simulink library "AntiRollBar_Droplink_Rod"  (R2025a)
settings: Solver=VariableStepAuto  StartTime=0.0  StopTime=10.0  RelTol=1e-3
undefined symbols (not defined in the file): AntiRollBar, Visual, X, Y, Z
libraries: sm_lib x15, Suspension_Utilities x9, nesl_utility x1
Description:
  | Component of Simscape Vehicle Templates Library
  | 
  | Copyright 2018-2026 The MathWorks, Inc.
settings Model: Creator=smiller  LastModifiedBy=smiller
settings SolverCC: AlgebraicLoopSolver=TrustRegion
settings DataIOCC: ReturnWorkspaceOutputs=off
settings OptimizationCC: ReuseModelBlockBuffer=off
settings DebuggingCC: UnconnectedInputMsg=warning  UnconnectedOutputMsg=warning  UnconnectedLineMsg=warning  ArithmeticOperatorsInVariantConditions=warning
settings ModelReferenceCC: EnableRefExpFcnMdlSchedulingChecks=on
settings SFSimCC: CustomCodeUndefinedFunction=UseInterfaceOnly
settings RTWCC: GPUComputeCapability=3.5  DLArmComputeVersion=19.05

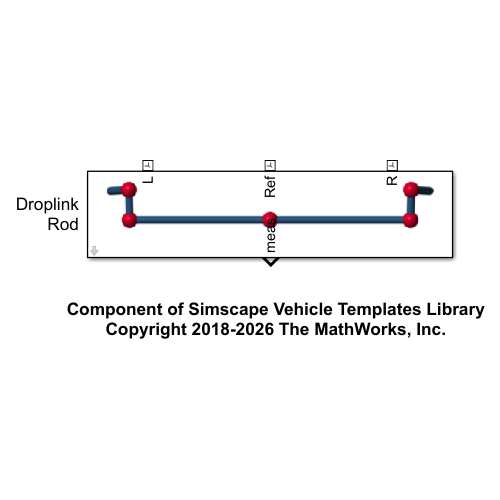
[thumbnail: Simulink's stored preview of the top-level diagram]
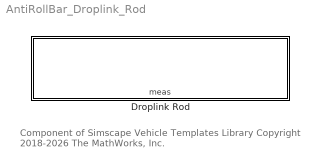
== system AntiRollBar_Droplink_Rod ==
  note: Component of Simscape Vehicle Templates Library
      | Copyright 2018-2026 The MathWorks, Inc.
  Droplink Rod : Subsystem  VariantControl=DroplinkRod  mask(Anti-Roll Bar with Droplink Connection){hp_rod=AntiRollBar.sSuspension.Value, hp_out=AntiRollBar.sOutboard.Value, hp_in=AntiRollBar.sInboard.Value, hp_mount_subframe=AntiRollBar.sMount.Value, rotYAxis=AntiRollBar.qUniversal.Value, SubframeConnection=AntiRollBar.SubframeConnection, k=AntiRollBar.k.Value, d=AntiRollBar.d.Value, m=AntiRollBar.m.Value, clr_solid=Visual.AntiRollBar.clr, opc_solid=Visual.part.opc, rad_solid=Visual.AntiRollBar.rad, clr_hp=Visual.hp.clr, opc_hp=Visual.hp.opc, rad_hp=Visual.hp.rad}
      mask prompts: hp_rod "HP Rod to Suspension [xyz] (m)"; hp_out "HP Outboard [xyz] (m)"; hp_in "HP Inboard [xyz] (m)"; hp_mount_subframe "HP Mount Subframe [xyz] (m)"; rotYAxis "Universal Joint Y Rotation (deg)"; SubframeConnection "Subframe Connection"; k "Stiffness (N*m/(deg))"; d "Damping (N*m/(deg/s))"; m "Mass"
      mask help: Models anti-roll bar with drop link connection to left and right suspension.
      mask TypeOptions rotYAxis:
      | Universal
      | Rod SuspL/rotYAxis | Universal
      | Rod SuspR/rotYAxis
      mask TypeOptions clr_solid:
      | ARB Left/clr_solid | ARB Right/clr_solid | Lever
      | Left/clr_solid | Lever
      | Right/clr_solid
      mask TypeOptions opc_solid:
      | ARB Left/opc_solid | ARB Right/opc_solid | Lever
      | Left/opc_solid | Lever
      | Right/opc_solid
      mask TypeOptions rad_solid:
      | ARB Left/rad_solid | ARB Right/rad_solid | Lever
      | Left/rad_solid | Lever
      | Right/rad_solid
      mask TypeOptions clr_hp:
      | Vis HP
      | ARB Flex/GraphicDiffuseColor | Vis HP
      | ARB Out L/GraphicDiffuseColor | Vis HP
      | ARB Out R/GraphicDiffuseColor | Vis HP
      | ARB In L/GraphicDiffuseColor | Vis HP
      | ARB In R/GraphicDiffuseColor
      mask TypeOptions opc_hp:
      | Vis HP
      | ARB Flex/GraphicOpacity | Vis HP
      | ARB Out L/GraphicOpacity | Vis HP
      | ARB Out R/GraphicOpacity | Vis HP
      | ARB In L/GraphicOpacity | Vis HP
      | ARB In R/GraphicOpacity
      mask TypeOptions rad_hp:
      | Vis HP
      | ARB Flex/SphereRadius | Vis HP
      | ARB Out L/SphereRadius | Vis HP
      | ARB Out R/SphereRadius | Vis HP
      | ARB In L/SphereRadius | Vis HP
      | ARB In R/SphereRadius
      mask DialogControl cont_vis Prompt: Visualization
      mask DialogControl text_vis_clr Prompt: Color [RGB]
      mask DialogControl text_vis_opc Prompt: Opacity (0-1)
      mask DialogControl text_vis_size Prompt: Size (m)
      mask DialogControl text_vis_bar Prompt: Bar
      mask DialogControl text_vis_hardpoints Prompt: Hardpoints
      mask Display: image('sm_car_vehicle_linkage_antirollbar_rod_IMAGE.png');

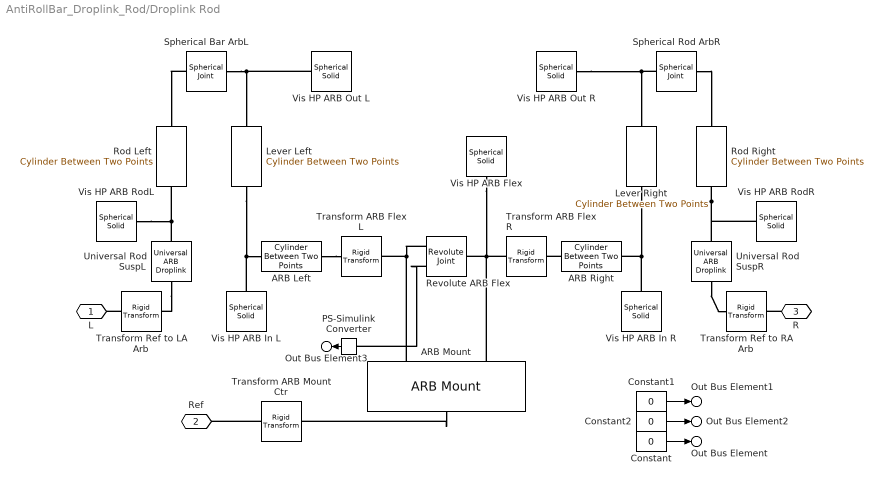
== system AntiRollBar_Droplink_Rod/Droplink Rod ==
  ARB Left : Suspension_Utilities/Cylinder Between Two Points  hp_b=hp_in.*[1 0 1]  hp_f=hp_in  Mass=m/4  clr_solid=clr_solid  opc_solid=opc_solid  rad_solid=rad_solid
  ARB Mount : Suspension_Utilities/ARB Mount  VariantControl=Choice  LabelModeActiveChoice=Rigid_1Rev  Connection=SubframeConnection  VariantLabel=SubframeConnection.class.Value
      settings: AttributesFormatString=%<LabelModeActiveChoice>
  ARB Right : Suspension_Utilities/Cylinder Between Two Points  hp_b=hp_in.*[1 -1 1]  hp_f=hp_in.*[1 0 1]  Mass=m/4  clr_solid=clr_solid  opc_solid=opc_solid  rad_solid=rad_solid
  Constant : Constant  Value=0
  Constant1 : Constant  Value=0
  Constant2 : Constant  Value=0
  Lever Left : Suspension_Utilities/Cylinder Between Two Points  hp_b=hp_in  hp_f=hp_out  Mass=m/4  clr_solid=clr_solid  opc_solid=opc_solid  rad_solid=rad_solid
  Lever Right : Suspension_Utilities/Cylinder Between Two Points  hp_b=hp_out.*[1 -1 1]  hp_f=hp_in.*[1 -1 1]  Mass=m/4  clr_solid=clr_solid  opc_solid=opc_solid  rad_solid=rad_solid
  PS-Simulink Converter : nesl_utility/PS-Simulink Converter  PhysicalDomain=network_engine_domain  SubClassName=ps_output  LeftPortType=input  RightPortType=output  PseudoPeriodic=off  Frequencies=[]  VectorFormat=1-D array  Unit=1  AffineConversion=off
  Revolute ARB Flex : sm_lib/Joints/Revolute Joint  JointMode=Normal  CompositeWrenchDir=FollowerOnBase  CompositeWrenchFrame=BaseFrame  SenseConstraintForce=off  SenseConstraintTorque=off  SenseTotalForce=off  SenseTotalTorque=off  PositionTargetSpecify=on  PositionTargetPriority=Low  PositionTargetValue=0  PositionTargetValueUnits=deg  VelocityTargetSpecify=off  VelocityTargetPriority=High  VelocityTargetValue=0  VelocityTargetValueUnits=deg/s  EquilibriumPosition=0  EquilibriumPositionUnits=deg  SpringStiffness=k  SpringStiffnessUnits=N*m/deg  DampingCoefficient=d  DampingCoefficientUnits=N*m/(deg/s)  LowerLimitSpecify=off  LowerLimitBound=-90  LowerLimitBoundUnits=deg  LowerLimitStiffness=1e4  LowerLimitStiffnessUnits=N*m/deg  LowerLimitDamping=10  LowerLimitDampingUnits=N*m/(deg/s)  LowerLimitTransitionRegionWidth=0.1  LowerLimitTransitionRegionWidthUnits=deg  UpperLimitSpecify=off  UpperLimitBound=90  UpperLimitBoundUnits=deg  UpperLimitStiffness=1e4  UpperLimitStiffnessUnits=N*m/deg  UpperLimitDamping=10  UpperLimitDampingUnits=N*m/(deg/s)  UpperLimitTransitionRegionWidth=0.1  UpperLimitTransitionRegionWidthUnits=deg  TorqueActuationMode=NoTorque  MotionActuationMode=ComputedMotion  SensePosition=on  SenseVelocity=off  SenseAcceleration=off  SenseTorqueForce=off  SenseLowerLimitTorqueForce=off  SenseUpperLimitTorqueForce=off
  Rod Left : Suspension_Utilities/Cylinder Between Two Points  hp_b=hp_out  hp_f=hp_rod  Mass=m/4  clr_solid=clr_solid  opc_solid=opc_solid  rad_solid=rad_solid
  Rod Right : Suspension_Utilities/Cylinder Between Two Points  hp_b=hp_rod.*[1 -1 1]  hp_f=hp_out.*[1 -1 1]  Mass=m/4  clr_solid=clr_solid  opc_solid=opc_solid  rad_solid=rad_solid
  Spherical Bar ArbL : sm_lib/Joints/Spherical Joint  JointMode=Normal  CompositeWrenchDir=FollowerOnBase  CompositeWrenchFrame=BaseFrame  SenseConstraintForce=off  SenseConstraintTorque=off  SenseTotalForce=off  SenseTotalTorque=off  PositionTargetSpecify=off  PositionTargetPriority=High  PositionTargetRotationMethod=None  PositionTargetFollAlignAxisA=+X  PositionTargetBaseAlignAxisA=+Y  PositionTargetFollAlignAxisB=+Y  PositionTargetBaseAlignAxisB=+Z  PositionTargetRotationStandardAxis=+Z  PositionTargetRotationAngle=0.0  PositionTargetRotationAngleUnits=deg  PositionTargetRotationArbitraryAxis=[0 0 1]  PositionTargetRotationSequenceAxes=FollowerAxes  PositionTargetRotationSequence=XYX  PositionTargetRotationSequenceAngles=[0 0 0]  PositionTargetRotationSequenceAnglesUnits=deg  PositionTargetRotationMatrix=[1 0 0; 0 1 0; 0 0 1]  PositionTargetQuaternion=[1 0 0 0]  VelocityTargetSpecify=off  VelocityTargetPriority=High  VelocityTargetValue=[0 0 0]  VelocityTargetValueUnits=deg/s  VelocityTargetInFollowerFrame=on  EqPosRotationMethod=None  EqPosFollAlignAxisA=+X  EqPosBaseAlignAxisA=+Y  EqPosFollAlignAxisB=+Y  EqPosBaseAlignAxisB=+Z  EqPosRotationStandardAxis=+Z  EqPosRotationAngle=0.0  EqPosRotationAngleUnits=deg  EqPosRotationArbitraryAxis=[0 0 1]  EqPosRotationSequenceAxes=FollowerAxes  EqPosRotationSequence=XYX  EqPosRotationSequenceAngles=[0 0 0]  EqPosRotationSequenceAnglesUnits=deg  EqPosRotationMatrix=[1 0 0; 0 1 0; 0 0 1]  EqPosQuaternion=[1 0 0 0]  SpringStiffness=0  SpringStiffnessUnits=N*m/deg  DampingCoefficient=0  DampingCoefficientUnits=N*m/(deg/s)  LowerLimitSpecify=off  LowerLimitBound=15  LowerLimitBoundUnits=deg  LowerLimitStiffness=1e4  LowerLimitStiffnessUnits=N*m/deg  LowerLimitDamping=10  LowerLimitDampingUnits=N*m/(deg/s)  LowerLimitTransitionRegionWidth=0.1  LowerLimitTransitionRegionWidthUnits=deg  UpperLimitSpecify=off  UpperLimitBound=45  UpperLimitBoundUnits=deg  UpperLimitStiffness=1e4  UpperLimitStiffnessUnits=N*m/deg  UpperLimitDamping=10  UpperLimitDampingUnits=N*m/(deg/s)  UpperLimitTransitionRegionWidth=0.1  UpperLimitTransitionRegionWidthUnits=deg  TorqueActuationMode=NoTorque  ActuateTorqueX=off  ActuateTorqueY=off  ActuateTorqueZ=off  ActuateTorque=off  ActuationFrame=BaseFrame  SensePosition=off  SenseVelocityX=off  SenseVelocityY=off  SenseVelocityZ=off  SenseVelocity=off  SenseAccelerationX=off  SenseAccelerationY=off  SenseAccelerationZ=off  SenseAcceleration=off  SenseLowerLimitTorqueMag=off  SenseUpperLimitTorqueMag=off  SensingFrame=BaseFrame
  Spherical Rod ArbR : sm_lib/Joints/Spherical Joint  JointMode=Normal  CompositeWrenchDir=FollowerOnBase  CompositeWrenchFrame=BaseFrame  SenseConstraintForce=off  SenseConstraintTorque=off  SenseTotalForce=off  SenseTotalTorque=off  PositionTargetSpecify=off  PositionTargetPriority=High  PositionTargetRotationMethod=None  PositionTargetFollAlignAxisA=+X  PositionTargetBaseAlignAxisA=+Y  PositionTargetFollAlignAxisB=+Y  PositionTargetBaseAlignAxisB=+Z  PositionTargetRotationStandardAxis=+Z  PositionTargetRotationAngle=0.0  PositionTargetRotationAngleUnits=deg  PositionTargetRotationArbitraryAxis=[0 0 1]  PositionTargetRotationSequenceAxes=FollowerAxes  PositionTargetRotationSequence=XYX  PositionTargetRotationSequenceAngles=[0 0 0]  PositionTargetRotationSequenceAnglesUnits=deg  PositionTargetRotationMatrix=[1 0 0; 0 1 0; 0 0 1]  PositionTargetQuaternion=[1 0 0 0]  VelocityTargetSpecify=off  VelocityTargetPriority=High  VelocityTargetValue=[0 0 0]  VelocityTargetValueUnits=deg/s  VelocityTargetInFollowerFrame=on  EqPosRotationMethod=None  EqPosFollAlignAxisA=+X  EqPosBaseAlignAxisA=+Y  EqPosFollAlignAxisB=+Y  EqPosBaseAlignAxisB=+Z  EqPosRotationStandardAxis=+Z  EqPosRotationAngle=0.0  EqPosRotationAngleUnits=deg  EqPosRotationArbitraryAxis=[0 0 1]  EqPosRotationSequenceAxes=FollowerAxes  EqPosRotationSequence=XYX  EqPosRotationSequenceAngles=[0 0 0]  EqPosRotationSequenceAnglesUnits=deg  EqPosRotationMatrix=[1 0 0; 0 1 0; 0 0 1]  EqPosQuaternion=[1 0 0 0]  SpringStiffness=0  SpringStiffnessUnits=N*m/deg  DampingCoefficient=0  DampingCoefficientUnits=N*m/(deg/s)  LowerLimitSpecify=off  LowerLimitBound=15  LowerLimitBoundUnits=deg  LowerLimitStiffness=1e4  LowerLimitStiffnessUnits=N*m/deg  LowerLimitDamping=10  LowerLimitDampingUnits=N*m/(deg/s)  LowerLimitTransitionRegionWidth=0.1  LowerLimitTransitionRegionWidthUnits=deg  UpperLimitSpecify=off  UpperLimitBound=45  UpperLimitBoundUnits=deg  UpperLimitStiffness=1e4  UpperLimitStiffnessUnits=N*m/deg  UpperLimitDamping=10  UpperLimitDampingUnits=N*m/(deg/s)  UpperLimitTransitionRegionWidth=0.1  UpperLimitTransitionRegionWidthUnits=deg  TorqueActuationMode=NoTorque  ActuateTorqueX=off  ActuateTorqueY=off  ActuateTorqueZ=off  ActuateTorque=off  ActuationFrame=BaseFrame  SensePosition=off  SenseVelocityX=off  SenseVelocityY=off  SenseVelocityZ=off  SenseVelocity=off  SenseAccelerationX=off  SenseAccelerationY=off  SenseAccelerationZ=off  SenseAcceleration=off  SenseLowerLimitTorqueMag=off  SenseUpperLimitTorqueMag=off  SensingFrame=BaseFrame
  Transform ARB Flex L : sm_lib/Frames and Transforms/Rigid Transform  RotationMethod=StandardAxis  FollAlignAxisA=+X  BaseAlignAxisA=+Y  FollAlignAxisB=+Y  BaseAlignAxisB=+Z  RotationStandardAxis=+X  RotationAngle=-90  RotationAngleUnits=deg  RotationArbitraryAxis=[0 0 1]  RotationSequenceAxes=FollowerAxes  RotationSequence=XYX  RotationSequenceAngles=[0 0 0]  RotationSequenceAnglesUnits=deg  RotationMatrix=[1 0 0; 0 1 0; 0 0 1]  Quaternion=[1 0 0 0]  TranslationMethod=None  TranslationCartesianOffset=[0 0 0]  TranslationCartesianOffsetUnits=m  TranslationStandardAxis=+Z  TranslationStandardOffset=0  TranslationStandardOffsetUnits=m  TranslationROffset=0  TranslationROffsetUnits=m  TranslationThetaOffset=0  TranslationThetaOffsetUnits=deg  TranslationZOffset=0  TranslationZOffsetUnits=m
  Transform ARB Flex R : sm_lib/Frames and Transforms/Rigid Transform  RotationMethod=StandardAxis  FollAlignAxisA=+X  BaseAlignAxisA=+Y  FollAlignAxisB=+Y  BaseAlignAxisB=+Z  RotationStandardAxis=+X  RotationAngle=-90  RotationAngleUnits=deg  RotationArbitraryAxis=[0 0 1]  RotationSequenceAxes=FollowerAxes  RotationSequence=XYX  RotationSequenceAngles=[0 0 0]  RotationSequenceAnglesUnits=deg  RotationMatrix=[1 0 0; 0 1 0; 0 0 1]  Quaternion=[1 0 0 0]  TranslationMethod=None  TranslationCartesianOffset=[0 0 0]  TranslationCartesianOffsetUnits=m  TranslationStandardAxis=+Z  TranslationStandardOffset=0  TranslationStandardOffsetUnits=m  TranslationROffset=0  TranslationROffsetUnits=m  TranslationThetaOffset=0  TranslationThetaOffsetUnits=deg  TranslationZOffset=0  TranslationZOffsetUnits=m
  Transform ARB Mount Ctr : sm_lib/Frames and Transforms/Rigid Transform  RotationMethod=StandardAxis  FollAlignAxisA=+X  BaseAlignAxisA=+Y  FollAlignAxisB=+Y  BaseAlignAxisB=+Z  RotationStandardAxis=+X  RotationAngle=-90  RotationAngleUnits=deg  RotationArbitraryAxis=[0 0 1]  RotationSequenceAxes=FollowerAxes  RotationSequence=XYX  RotationSequenceAngles=[0 0 0]  RotationSequenceAnglesUnits=deg  RotationMatrix=[1 0 0; 0 1 0; 0 0 1]  Quaternion=[1 0 0 0]  TranslationMethod=Cartesian  TranslationCartesianOffset=hp_in.*[1 0 1]  TranslationCartesianOffsetUnits=m  TranslationStandardAxis=+Z  TranslationStandardOffset=0  TranslationStandardOffsetUnits=m  TranslationROffset=0  TranslationROffsetUnits=m  TranslationThetaOffset=0  TranslationThetaOffsetUnits=deg  TranslationZOffset=0  TranslationZOffsetUnits=m
  Transform Ref to LA Arb : sm_lib/Frames and Transforms/Rigid Transform  RotationMethod=None  FollAlignAxisA=+X  BaseAlignAxisA=+Y  FollAlignAxisB=+Y  BaseAlignAxisB=+Z  RotationStandardAxis=+Z  RotationAngle=0.0  RotationAngleUnits=deg  RotationArbitraryAxis=[0 0 1]  RotationSequenceAxes=FollowerAxes  RotationSequence=XYX  RotationSequenceAngles=[0 0 0]  RotationSequenceAnglesUnits=deg  RotationMatrix=[1 0 0; 0 1 0; 0 0 1]  Quaternion=[1 0 0 0]  TranslationMethod=Cartesian  TranslationCartesianOffset=hp_rod  TranslationCartesianOffsetUnits=m  TranslationStandardAxis=+Z  TranslationStandardOffset=0  TranslationStandardOffsetUnits=m  TranslationROffset=0  TranslationROffsetUnits=m  TranslationThetaOffset=0  TranslationThetaOffsetUnits=deg  TranslationZOffset=0  TranslationZOffsetUnits=m
  Transform Ref to RA Arb : sm_lib/Frames and Transforms/Rigid Transform  RotationMethod=None  FollAlignAxisA=+X  BaseAlignAxisA=+Y  FollAlignAxisB=+Y  BaseAlignAxisB=+Z  RotationStandardAxis=+Z  RotationAngle=0.0  RotationAngleUnits=deg  RotationArbitraryAxis=[0 0 1]  RotationSequenceAxes=FollowerAxes  RotationSequence=XYX  RotationSequenceAngles=[0 0 0]  RotationSequenceAnglesUnits=deg  RotationMatrix=[1 0 0; 0 1 0; 0 0 1]  Quaternion=[1 0 0 0]  TranslationMethod=Cartesian  TranslationCartesianOffset=hp_rod.*[1 -1 1]  TranslationCartesianOffsetUnits=m  TranslationStandardAxis=+Z  TranslationStandardOffset=0  TranslationStandardOffsetUnits=m  TranslationROffset=0  TranslationROffsetUnits=m  TranslationThetaOffset=0  TranslationThetaOffsetUnits=deg  TranslationZOffset=0  TranslationZOffsetUnits=m
  Universal Rod SuspL : Suspension_Utilities/Universal ARB Droplink  rotYAxis=rotYAxis
  Universal Rod SuspR : Suspension_Utilities/Universal ARB Droplink  rotYAxis=rotYAxis
  Vis HP ARB Flex : sm_lib/Body Elements/Spherical Solid  SphereRadius=rad_hp  SphereRadiusUnits=m  ExportEntireGeometry=off  InertiaType=CalculateFromGeometry  BasedOnType=Density  Density=1000  DensityUnits=kg/m^3  Mass=1  MassUnits=kg  CenterOfMass=[0 0 0]  CenterOfMassUnits=m  MomentsOfInertia=[1 1 1]  MomentsOfInertiaUnits=kg*m^2  ProductsOfInertia=[0 0 0]  ProductsOfInertiaUnits=kg*m^2  GraphicType=FromGeometry  MarkerShape=Sphere  MarkerSize=10  GraphicVisPropType=SimpleVisualProperties  GraphicDiffuseColor=clr_hp  GraphicOpacity=opc_hp  GraphicSpecularColor=[0.5 0.5 0.5 1.0]  GraphicAmbientColor=[0.15 0.15 0.15 1.0]  GraphicEmissiveColor=[0.0 0.0 0.0 1.0]  GraphicShininess=75  DoExposeReferenceFrame=on  SerializedFrames=<Frames/>
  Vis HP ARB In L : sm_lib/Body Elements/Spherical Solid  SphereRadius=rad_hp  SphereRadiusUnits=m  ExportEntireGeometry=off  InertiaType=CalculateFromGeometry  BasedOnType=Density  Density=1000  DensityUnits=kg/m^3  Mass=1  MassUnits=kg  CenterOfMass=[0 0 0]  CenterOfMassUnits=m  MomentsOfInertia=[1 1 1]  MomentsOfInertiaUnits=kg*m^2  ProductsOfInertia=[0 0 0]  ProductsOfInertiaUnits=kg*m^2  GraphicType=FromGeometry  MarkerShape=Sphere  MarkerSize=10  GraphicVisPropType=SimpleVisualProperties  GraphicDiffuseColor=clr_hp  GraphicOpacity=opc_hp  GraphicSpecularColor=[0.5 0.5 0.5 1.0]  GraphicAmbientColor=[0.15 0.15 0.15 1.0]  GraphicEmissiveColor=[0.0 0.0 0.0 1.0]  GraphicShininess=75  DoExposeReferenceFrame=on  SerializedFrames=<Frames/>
________________
» **PROBLEM TO WORK ON**
Count the lines of the data that include the string "SubframeConnection", and give only that number.

» **WRITTEN RESPONSE**
3